+++ DATA FOR PROCESSING +++

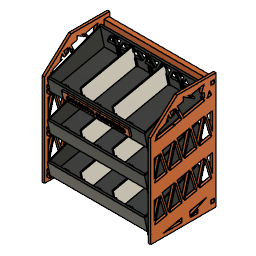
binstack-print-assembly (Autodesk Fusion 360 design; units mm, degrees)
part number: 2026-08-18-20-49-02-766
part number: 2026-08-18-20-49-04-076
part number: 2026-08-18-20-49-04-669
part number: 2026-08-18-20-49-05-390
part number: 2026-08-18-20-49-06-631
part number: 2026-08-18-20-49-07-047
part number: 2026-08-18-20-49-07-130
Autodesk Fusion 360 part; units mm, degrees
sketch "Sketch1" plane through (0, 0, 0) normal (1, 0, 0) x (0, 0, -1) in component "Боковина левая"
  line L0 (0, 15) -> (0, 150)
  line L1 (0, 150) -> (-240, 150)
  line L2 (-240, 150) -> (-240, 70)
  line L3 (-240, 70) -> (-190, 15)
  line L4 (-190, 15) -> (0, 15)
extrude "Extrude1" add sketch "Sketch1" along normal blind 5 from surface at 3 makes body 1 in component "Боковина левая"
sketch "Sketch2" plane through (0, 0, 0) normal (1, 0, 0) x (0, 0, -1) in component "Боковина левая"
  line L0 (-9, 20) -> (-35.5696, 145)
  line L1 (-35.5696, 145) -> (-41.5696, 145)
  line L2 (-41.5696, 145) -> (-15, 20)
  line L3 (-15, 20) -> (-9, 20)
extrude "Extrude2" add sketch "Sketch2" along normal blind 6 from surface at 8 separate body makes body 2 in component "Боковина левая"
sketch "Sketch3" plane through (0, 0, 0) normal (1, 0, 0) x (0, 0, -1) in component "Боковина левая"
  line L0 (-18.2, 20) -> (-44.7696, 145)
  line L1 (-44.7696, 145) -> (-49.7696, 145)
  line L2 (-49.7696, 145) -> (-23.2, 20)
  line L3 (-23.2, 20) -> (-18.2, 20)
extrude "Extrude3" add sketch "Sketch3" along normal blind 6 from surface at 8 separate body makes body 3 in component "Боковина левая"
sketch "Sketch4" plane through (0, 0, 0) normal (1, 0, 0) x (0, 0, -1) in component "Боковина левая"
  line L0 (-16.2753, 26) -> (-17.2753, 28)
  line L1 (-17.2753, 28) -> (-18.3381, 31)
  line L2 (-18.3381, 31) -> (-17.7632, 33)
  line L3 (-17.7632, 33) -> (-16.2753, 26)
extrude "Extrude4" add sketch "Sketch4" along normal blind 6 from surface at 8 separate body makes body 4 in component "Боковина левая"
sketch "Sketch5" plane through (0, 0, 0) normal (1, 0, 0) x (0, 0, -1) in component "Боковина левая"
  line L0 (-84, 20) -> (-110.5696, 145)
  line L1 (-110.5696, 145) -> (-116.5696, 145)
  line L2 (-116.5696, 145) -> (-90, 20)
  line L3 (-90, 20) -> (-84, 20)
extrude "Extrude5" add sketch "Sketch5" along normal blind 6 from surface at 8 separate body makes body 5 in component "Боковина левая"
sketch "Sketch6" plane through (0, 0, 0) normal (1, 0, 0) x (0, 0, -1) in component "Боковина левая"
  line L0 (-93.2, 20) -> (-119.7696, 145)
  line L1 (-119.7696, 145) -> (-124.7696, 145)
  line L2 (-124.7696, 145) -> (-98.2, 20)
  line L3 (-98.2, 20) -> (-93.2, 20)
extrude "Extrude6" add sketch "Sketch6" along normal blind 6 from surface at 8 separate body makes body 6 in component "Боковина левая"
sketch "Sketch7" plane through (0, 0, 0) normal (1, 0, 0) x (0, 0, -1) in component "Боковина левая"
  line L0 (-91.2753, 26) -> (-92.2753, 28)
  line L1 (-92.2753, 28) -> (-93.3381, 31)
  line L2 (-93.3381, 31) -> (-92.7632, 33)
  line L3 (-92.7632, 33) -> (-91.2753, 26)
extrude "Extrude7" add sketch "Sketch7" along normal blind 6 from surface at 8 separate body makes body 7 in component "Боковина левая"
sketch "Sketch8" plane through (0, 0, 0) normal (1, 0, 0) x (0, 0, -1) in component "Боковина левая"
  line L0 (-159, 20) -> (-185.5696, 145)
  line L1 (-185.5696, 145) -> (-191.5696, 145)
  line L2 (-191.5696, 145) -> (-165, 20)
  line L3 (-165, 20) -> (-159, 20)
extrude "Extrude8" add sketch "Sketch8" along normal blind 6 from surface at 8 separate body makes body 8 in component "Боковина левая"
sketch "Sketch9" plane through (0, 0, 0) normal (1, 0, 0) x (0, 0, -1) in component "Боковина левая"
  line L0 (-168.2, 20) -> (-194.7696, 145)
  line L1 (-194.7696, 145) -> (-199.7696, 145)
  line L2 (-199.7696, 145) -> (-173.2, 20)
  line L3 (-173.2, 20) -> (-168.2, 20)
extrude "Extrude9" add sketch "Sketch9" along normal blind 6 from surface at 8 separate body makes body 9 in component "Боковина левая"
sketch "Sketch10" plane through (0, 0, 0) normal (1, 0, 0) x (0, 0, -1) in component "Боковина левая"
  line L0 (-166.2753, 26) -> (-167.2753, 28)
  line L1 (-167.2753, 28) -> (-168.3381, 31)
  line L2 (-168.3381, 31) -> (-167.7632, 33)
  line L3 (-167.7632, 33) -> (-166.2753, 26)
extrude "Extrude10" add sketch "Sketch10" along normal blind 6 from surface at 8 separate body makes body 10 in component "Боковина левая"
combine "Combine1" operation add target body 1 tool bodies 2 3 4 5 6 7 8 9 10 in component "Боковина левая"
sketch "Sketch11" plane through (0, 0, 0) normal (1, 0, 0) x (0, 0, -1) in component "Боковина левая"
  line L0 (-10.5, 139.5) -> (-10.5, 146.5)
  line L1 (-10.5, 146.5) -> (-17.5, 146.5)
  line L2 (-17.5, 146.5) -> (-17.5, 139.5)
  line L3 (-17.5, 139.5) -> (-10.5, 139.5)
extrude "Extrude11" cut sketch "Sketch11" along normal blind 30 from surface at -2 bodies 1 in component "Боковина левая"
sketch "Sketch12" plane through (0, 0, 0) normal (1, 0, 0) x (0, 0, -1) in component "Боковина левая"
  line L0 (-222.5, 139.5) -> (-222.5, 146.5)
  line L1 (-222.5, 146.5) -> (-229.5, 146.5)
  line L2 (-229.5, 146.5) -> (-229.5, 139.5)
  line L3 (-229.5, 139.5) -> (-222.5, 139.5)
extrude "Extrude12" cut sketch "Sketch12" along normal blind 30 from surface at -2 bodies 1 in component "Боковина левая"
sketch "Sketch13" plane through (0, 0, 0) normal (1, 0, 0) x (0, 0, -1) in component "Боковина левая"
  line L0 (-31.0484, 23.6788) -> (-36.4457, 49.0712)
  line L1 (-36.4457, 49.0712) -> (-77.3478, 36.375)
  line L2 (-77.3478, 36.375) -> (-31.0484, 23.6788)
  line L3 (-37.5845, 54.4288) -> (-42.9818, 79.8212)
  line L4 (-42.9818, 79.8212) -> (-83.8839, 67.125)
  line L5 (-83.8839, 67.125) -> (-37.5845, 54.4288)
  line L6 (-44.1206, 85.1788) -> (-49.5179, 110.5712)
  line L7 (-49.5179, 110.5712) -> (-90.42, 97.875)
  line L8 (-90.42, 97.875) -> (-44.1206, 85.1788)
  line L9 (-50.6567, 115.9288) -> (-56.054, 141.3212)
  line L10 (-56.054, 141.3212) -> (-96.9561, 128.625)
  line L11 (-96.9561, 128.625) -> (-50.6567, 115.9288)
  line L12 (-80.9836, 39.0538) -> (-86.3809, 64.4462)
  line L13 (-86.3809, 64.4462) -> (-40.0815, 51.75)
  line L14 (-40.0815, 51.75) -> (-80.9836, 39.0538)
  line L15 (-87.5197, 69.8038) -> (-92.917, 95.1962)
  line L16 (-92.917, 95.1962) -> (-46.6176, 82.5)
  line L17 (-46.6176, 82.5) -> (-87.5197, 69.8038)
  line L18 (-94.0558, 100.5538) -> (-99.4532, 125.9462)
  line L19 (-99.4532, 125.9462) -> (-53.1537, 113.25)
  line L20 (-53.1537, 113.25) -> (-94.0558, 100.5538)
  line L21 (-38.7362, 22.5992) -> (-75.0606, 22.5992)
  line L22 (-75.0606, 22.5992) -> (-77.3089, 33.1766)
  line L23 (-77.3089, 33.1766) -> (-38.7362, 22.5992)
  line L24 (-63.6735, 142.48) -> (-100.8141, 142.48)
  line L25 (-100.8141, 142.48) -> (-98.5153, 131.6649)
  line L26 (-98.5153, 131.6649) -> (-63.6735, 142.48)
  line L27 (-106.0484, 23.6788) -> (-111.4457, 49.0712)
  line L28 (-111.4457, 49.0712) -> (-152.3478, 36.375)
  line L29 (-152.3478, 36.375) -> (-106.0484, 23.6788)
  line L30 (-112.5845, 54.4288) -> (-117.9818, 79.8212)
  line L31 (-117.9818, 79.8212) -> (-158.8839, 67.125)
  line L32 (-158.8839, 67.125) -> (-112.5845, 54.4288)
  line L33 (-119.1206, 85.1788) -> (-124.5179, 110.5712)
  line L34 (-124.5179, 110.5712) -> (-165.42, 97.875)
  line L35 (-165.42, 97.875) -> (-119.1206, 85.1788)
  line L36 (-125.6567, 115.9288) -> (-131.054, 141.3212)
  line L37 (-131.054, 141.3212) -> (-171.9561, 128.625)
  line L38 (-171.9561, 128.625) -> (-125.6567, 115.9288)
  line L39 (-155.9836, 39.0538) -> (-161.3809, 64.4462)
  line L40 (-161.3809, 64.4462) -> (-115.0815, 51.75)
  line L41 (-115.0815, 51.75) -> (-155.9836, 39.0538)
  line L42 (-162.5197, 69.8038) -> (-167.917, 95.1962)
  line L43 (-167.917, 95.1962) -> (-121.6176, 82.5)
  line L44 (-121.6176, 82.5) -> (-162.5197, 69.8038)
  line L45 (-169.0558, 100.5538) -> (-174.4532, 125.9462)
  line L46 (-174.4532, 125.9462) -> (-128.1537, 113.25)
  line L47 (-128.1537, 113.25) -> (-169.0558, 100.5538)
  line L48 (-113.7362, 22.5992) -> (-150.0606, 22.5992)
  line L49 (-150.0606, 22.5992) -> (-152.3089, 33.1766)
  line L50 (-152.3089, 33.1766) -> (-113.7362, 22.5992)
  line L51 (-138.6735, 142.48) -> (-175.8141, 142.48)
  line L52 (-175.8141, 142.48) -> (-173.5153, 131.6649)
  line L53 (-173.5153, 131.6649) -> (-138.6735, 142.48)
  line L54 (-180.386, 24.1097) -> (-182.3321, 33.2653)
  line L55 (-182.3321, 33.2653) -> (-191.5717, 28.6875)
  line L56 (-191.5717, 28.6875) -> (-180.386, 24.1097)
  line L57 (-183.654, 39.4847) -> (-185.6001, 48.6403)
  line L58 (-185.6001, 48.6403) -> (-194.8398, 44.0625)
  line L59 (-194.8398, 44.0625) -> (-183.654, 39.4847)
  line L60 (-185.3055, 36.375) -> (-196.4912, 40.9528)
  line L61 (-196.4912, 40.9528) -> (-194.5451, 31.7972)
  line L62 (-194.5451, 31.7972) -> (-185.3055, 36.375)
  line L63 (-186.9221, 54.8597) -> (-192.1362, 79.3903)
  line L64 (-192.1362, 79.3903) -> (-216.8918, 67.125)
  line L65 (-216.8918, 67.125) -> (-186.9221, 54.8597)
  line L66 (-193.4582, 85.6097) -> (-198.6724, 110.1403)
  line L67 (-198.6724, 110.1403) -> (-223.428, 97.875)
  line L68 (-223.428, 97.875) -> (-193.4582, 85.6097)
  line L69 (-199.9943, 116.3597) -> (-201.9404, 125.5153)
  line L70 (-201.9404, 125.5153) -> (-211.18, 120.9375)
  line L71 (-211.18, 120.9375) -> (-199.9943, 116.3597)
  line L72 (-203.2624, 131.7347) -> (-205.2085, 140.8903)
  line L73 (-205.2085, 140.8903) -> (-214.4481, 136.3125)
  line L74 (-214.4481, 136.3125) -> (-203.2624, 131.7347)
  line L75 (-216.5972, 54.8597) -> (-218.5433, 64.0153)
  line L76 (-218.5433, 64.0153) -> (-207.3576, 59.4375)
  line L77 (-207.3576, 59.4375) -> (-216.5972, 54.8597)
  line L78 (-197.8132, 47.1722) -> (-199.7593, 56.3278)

+++

Note each line above that contains "surface" and copy it out.

* **SOLUTION FOR THIS PROBLEM**
extrude "Extrude1" add sketch "Sketch1" along normal blind 5 from surface at 3 makes body 1 in component "Боковина левая"
extrude "Extrude2" add sketch "Sketch2" along normal blind 6 from surface at 8 separate body makes body 2 in component "Боковина левая"
extrude "Extrude3" add sketch "Sketch3" along normal blind 6 from surface at 8 separate body makes body 3 in component "Боковина левая"
extrude "Extrude4" add sketch "Sketch4" along normal blind 6 from surface at 8 separate body makes body 4 in component "Боковина левая"
extrude "Extrude5" add sketch "Sketch5" along normal blind 6 from surface at 8 separate body makes body 5 in component "Боковина левая"
extrude "Extrude6" add sketch "Sketch6" along normal blind 6 from surface at 8 separate body makes body 6 in component "Боковина левая"
extrude "Extrude7" add sketch "Sketch7" along normal blind 6 from surface at 8 separate body makes body 7 in component "Боковина левая"
extrude "Extrude8" add sketch "Sketch8" along normal blind 6 from surface at 8 separate body makes body 8 in component "Боковина левая"
extrude "Extrude9" add sketch "Sketch9" along normal blind 6 from surface at 8 separate body makes body 9 in component "Боковина левая"
extrude "Extrude10" add sketch "Sketch10" along normal blind 6 from surface at 8 separate body makes body 10 in component "Боковина левая"
extrude "Extrude11" cut sketch "Sketch11" along normal blind 30 from surface at -2 bodies 1 in component "Боковина левая"
extrude "Extrude12" cut sketch "Sketch12" along normal blind 30 from surface at -2 bodies 1 in component "Боковина левая"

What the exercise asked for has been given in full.